» Task description: Print them exactly: the lines from the beginning of the entries below through the line that contains "C215, C216: 3p9F;", and only those, with the pictures left out.

» Provided material:
<<<<
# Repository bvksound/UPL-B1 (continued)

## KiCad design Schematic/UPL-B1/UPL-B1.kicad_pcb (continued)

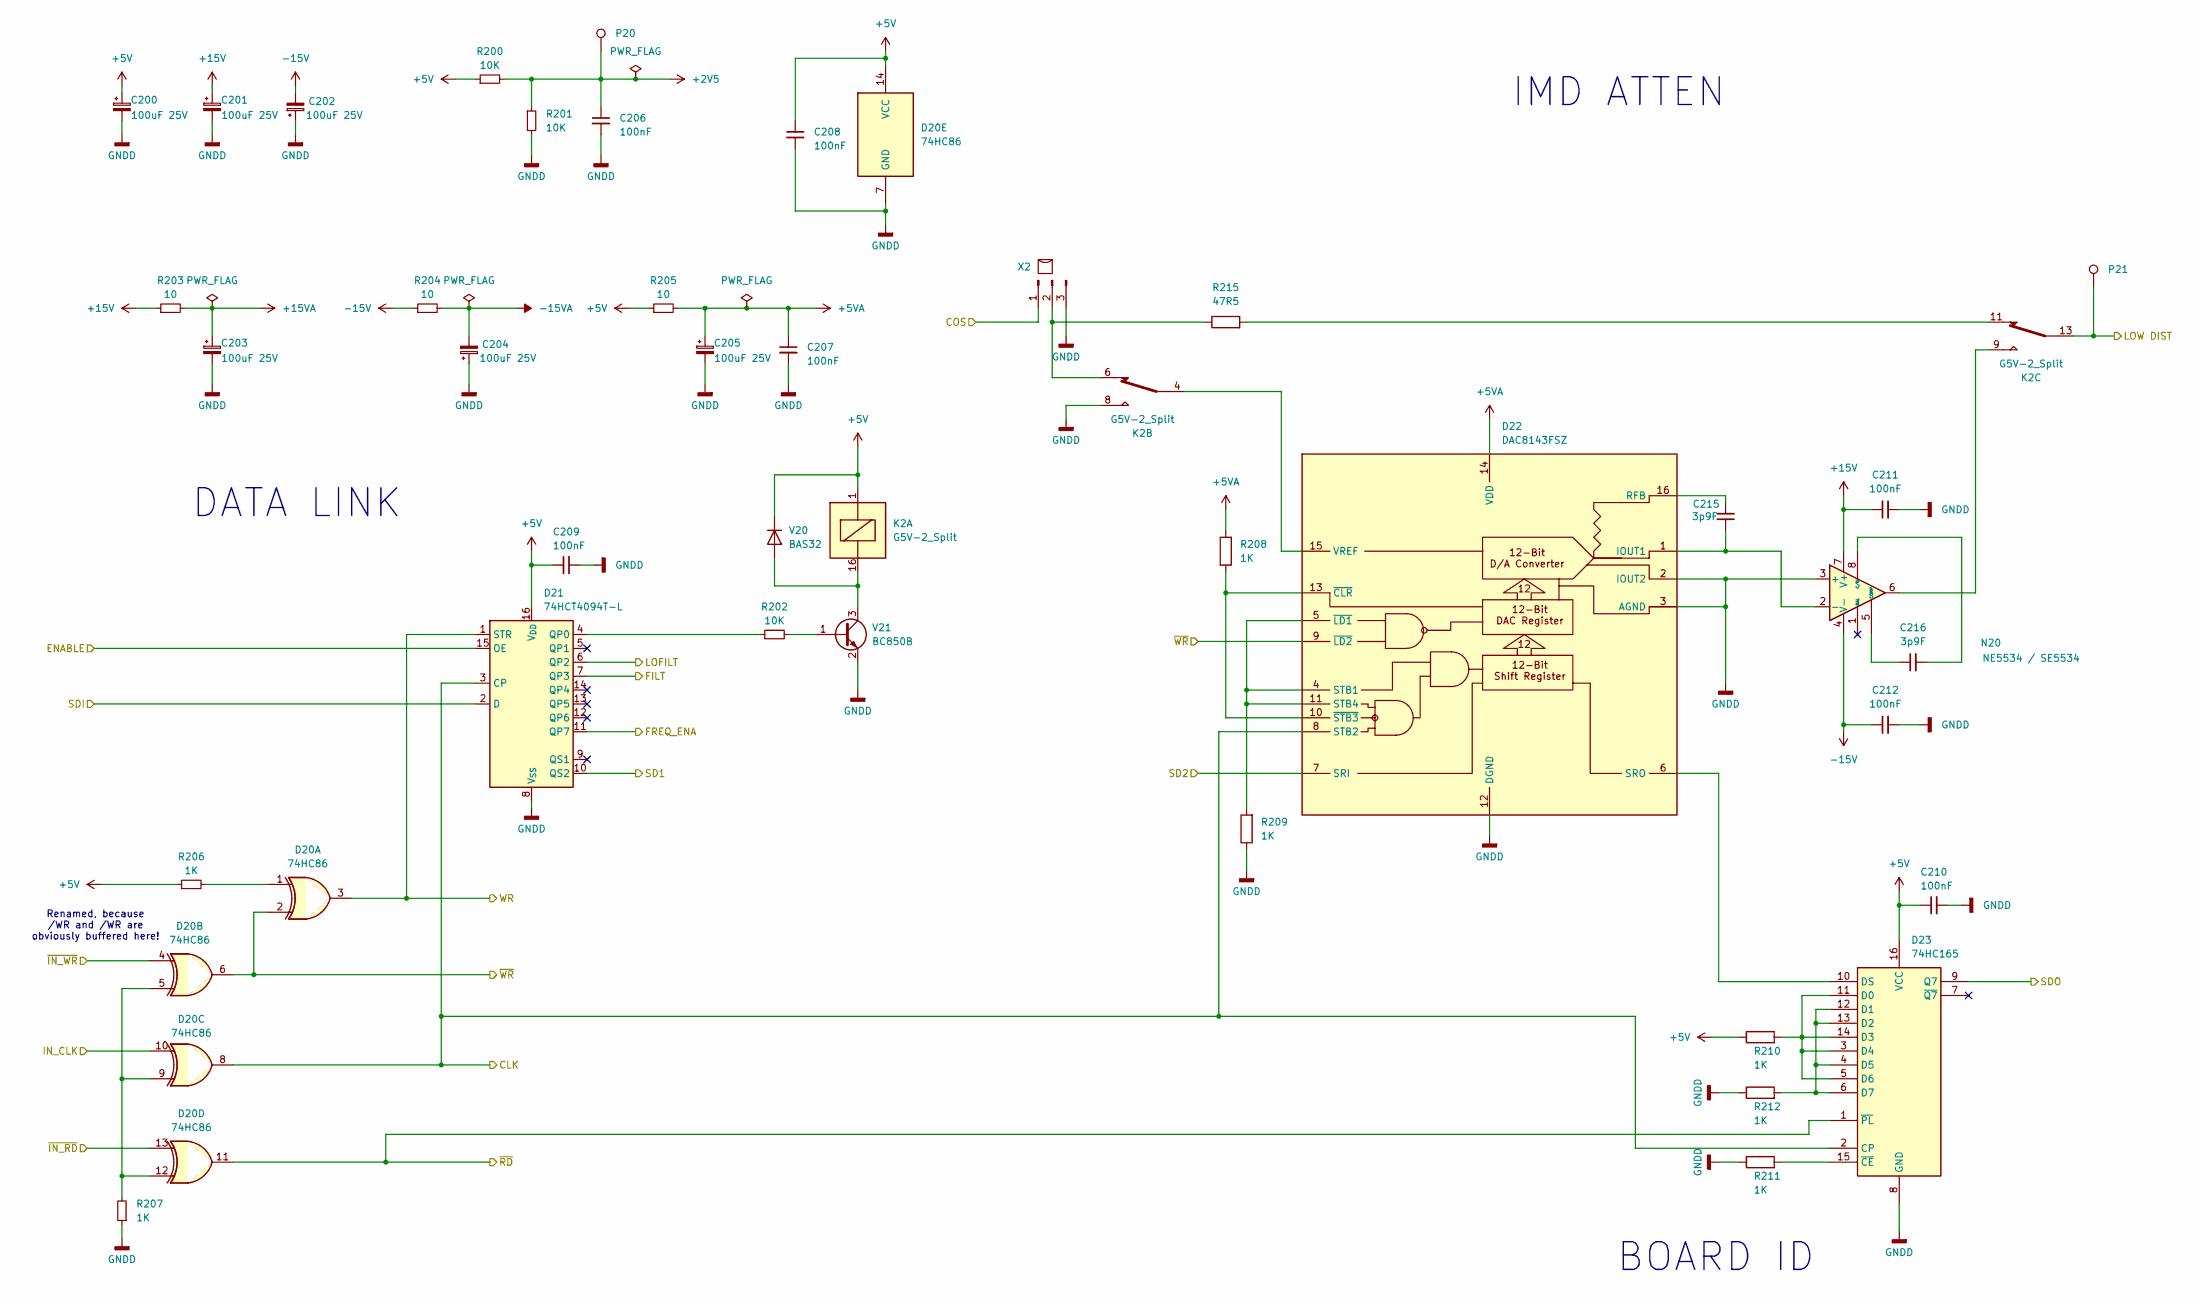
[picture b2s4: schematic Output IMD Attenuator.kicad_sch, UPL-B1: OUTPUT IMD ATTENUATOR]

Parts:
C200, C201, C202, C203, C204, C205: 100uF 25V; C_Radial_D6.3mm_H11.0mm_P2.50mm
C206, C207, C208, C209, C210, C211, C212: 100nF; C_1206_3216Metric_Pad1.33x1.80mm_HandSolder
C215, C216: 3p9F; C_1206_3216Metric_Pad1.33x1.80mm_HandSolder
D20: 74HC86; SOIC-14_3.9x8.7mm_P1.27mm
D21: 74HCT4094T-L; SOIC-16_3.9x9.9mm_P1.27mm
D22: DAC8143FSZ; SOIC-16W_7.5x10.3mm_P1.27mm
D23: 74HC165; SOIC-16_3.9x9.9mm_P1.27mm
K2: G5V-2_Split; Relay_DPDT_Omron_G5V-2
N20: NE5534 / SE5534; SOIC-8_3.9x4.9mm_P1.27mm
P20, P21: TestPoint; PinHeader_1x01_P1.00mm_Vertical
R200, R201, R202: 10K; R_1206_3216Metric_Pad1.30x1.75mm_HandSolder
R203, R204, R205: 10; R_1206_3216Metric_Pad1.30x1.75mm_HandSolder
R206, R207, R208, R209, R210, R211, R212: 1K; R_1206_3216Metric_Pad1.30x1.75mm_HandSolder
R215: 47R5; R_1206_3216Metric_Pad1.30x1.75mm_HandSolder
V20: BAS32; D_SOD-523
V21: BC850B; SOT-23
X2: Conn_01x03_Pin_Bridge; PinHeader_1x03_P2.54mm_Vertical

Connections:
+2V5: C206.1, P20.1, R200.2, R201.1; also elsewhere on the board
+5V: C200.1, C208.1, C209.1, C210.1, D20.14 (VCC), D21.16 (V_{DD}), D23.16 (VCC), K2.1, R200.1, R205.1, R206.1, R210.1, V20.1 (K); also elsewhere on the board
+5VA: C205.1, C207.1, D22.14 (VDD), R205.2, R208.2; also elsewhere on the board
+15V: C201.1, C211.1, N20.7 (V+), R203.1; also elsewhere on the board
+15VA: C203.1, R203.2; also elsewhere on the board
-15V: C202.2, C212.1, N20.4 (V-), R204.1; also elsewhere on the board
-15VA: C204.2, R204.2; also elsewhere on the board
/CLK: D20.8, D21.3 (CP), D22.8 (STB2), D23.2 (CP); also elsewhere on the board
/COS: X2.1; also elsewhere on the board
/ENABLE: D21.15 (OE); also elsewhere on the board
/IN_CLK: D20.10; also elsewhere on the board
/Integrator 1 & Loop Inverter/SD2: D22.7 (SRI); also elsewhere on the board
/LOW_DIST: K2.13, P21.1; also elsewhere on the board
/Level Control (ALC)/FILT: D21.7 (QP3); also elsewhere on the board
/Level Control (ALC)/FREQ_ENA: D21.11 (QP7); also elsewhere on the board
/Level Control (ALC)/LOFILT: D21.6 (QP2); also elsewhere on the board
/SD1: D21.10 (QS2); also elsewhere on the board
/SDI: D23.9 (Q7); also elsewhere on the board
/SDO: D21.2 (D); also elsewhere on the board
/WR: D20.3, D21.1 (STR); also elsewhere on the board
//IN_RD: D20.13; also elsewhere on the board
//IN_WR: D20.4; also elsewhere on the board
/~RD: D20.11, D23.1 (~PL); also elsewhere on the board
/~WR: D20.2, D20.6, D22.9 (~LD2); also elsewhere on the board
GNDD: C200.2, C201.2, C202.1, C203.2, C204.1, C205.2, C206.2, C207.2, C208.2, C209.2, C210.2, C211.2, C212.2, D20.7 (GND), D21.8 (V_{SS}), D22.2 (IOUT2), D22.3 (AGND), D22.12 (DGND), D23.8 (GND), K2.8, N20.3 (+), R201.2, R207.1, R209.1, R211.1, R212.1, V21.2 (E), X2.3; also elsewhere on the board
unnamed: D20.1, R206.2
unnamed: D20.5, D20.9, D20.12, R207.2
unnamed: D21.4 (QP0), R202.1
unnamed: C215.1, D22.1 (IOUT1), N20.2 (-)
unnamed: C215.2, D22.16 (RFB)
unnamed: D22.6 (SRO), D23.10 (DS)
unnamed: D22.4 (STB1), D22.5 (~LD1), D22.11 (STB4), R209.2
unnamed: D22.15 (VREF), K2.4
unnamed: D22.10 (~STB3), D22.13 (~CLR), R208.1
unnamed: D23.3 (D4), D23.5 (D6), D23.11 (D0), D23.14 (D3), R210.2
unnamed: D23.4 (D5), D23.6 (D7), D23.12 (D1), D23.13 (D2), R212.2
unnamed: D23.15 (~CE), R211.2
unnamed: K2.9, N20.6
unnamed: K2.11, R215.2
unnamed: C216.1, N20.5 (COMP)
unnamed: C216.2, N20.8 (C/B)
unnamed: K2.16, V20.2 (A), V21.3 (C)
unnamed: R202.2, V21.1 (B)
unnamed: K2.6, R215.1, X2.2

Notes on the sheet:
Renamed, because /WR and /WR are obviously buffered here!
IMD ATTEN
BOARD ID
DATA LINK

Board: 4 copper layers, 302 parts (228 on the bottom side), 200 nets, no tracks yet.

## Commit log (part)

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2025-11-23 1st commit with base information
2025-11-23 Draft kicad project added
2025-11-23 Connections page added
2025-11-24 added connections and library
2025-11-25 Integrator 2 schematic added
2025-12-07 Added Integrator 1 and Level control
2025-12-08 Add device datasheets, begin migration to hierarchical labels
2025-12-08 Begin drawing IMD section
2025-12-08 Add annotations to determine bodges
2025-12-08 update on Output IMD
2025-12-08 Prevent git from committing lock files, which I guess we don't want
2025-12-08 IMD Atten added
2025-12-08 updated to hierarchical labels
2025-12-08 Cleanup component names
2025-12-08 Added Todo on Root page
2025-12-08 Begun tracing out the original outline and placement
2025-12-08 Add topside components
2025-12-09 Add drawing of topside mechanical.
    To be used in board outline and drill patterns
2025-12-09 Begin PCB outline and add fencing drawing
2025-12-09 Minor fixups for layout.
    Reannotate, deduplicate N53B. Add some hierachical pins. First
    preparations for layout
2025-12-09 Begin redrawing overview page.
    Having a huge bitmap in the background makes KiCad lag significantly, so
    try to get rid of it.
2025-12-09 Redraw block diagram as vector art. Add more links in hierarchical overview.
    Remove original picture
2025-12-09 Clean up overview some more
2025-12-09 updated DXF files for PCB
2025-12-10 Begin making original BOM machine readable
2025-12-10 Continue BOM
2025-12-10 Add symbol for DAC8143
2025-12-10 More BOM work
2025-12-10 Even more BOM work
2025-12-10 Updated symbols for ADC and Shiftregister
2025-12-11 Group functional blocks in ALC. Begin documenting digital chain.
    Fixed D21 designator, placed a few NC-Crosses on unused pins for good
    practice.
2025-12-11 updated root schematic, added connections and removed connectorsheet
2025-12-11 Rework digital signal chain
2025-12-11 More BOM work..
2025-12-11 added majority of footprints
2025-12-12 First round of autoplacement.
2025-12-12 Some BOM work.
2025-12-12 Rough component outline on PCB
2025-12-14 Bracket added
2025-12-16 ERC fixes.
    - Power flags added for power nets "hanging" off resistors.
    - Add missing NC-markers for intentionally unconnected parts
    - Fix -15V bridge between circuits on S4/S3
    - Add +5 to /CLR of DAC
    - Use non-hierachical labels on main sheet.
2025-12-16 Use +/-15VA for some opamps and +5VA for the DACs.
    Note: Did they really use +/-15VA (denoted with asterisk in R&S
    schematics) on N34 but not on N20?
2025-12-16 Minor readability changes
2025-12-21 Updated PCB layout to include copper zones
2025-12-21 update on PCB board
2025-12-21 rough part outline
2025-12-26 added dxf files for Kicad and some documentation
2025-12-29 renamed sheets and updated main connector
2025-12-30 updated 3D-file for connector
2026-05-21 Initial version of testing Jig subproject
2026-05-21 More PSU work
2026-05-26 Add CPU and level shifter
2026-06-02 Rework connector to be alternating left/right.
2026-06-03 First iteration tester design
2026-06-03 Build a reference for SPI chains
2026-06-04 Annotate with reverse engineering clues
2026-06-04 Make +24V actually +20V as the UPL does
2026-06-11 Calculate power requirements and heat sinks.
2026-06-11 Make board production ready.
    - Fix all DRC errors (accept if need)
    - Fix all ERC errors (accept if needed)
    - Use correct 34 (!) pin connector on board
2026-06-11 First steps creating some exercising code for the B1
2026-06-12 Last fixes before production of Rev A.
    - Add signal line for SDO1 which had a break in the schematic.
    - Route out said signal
>>>>
» Task answer:
# Repository bvksound/UPL-B1 (continued)

## KiCad design Schematic/UPL-B1/UPL-B1.kicad_pcb (continued)

[picture b2s4: schematic Output IMD Attenuator.kicad_sch, UPL-B1: OUTPUT IMD ATTENUATOR]

Parts:
C200, C201, C202, C203, C204, C205: 100uF 25V; C_Radial_D6.3mm_H11.0mm_P2.50mm
C206, C207, C208, C209, C210, C211, C212: 100nF; C_1206_3216Metric_Pad1.33x1.80mm_HandSolder
C215, C216: 3p9F; C_1206_3216Metric_Pad1.33x1.80mm_HandSolder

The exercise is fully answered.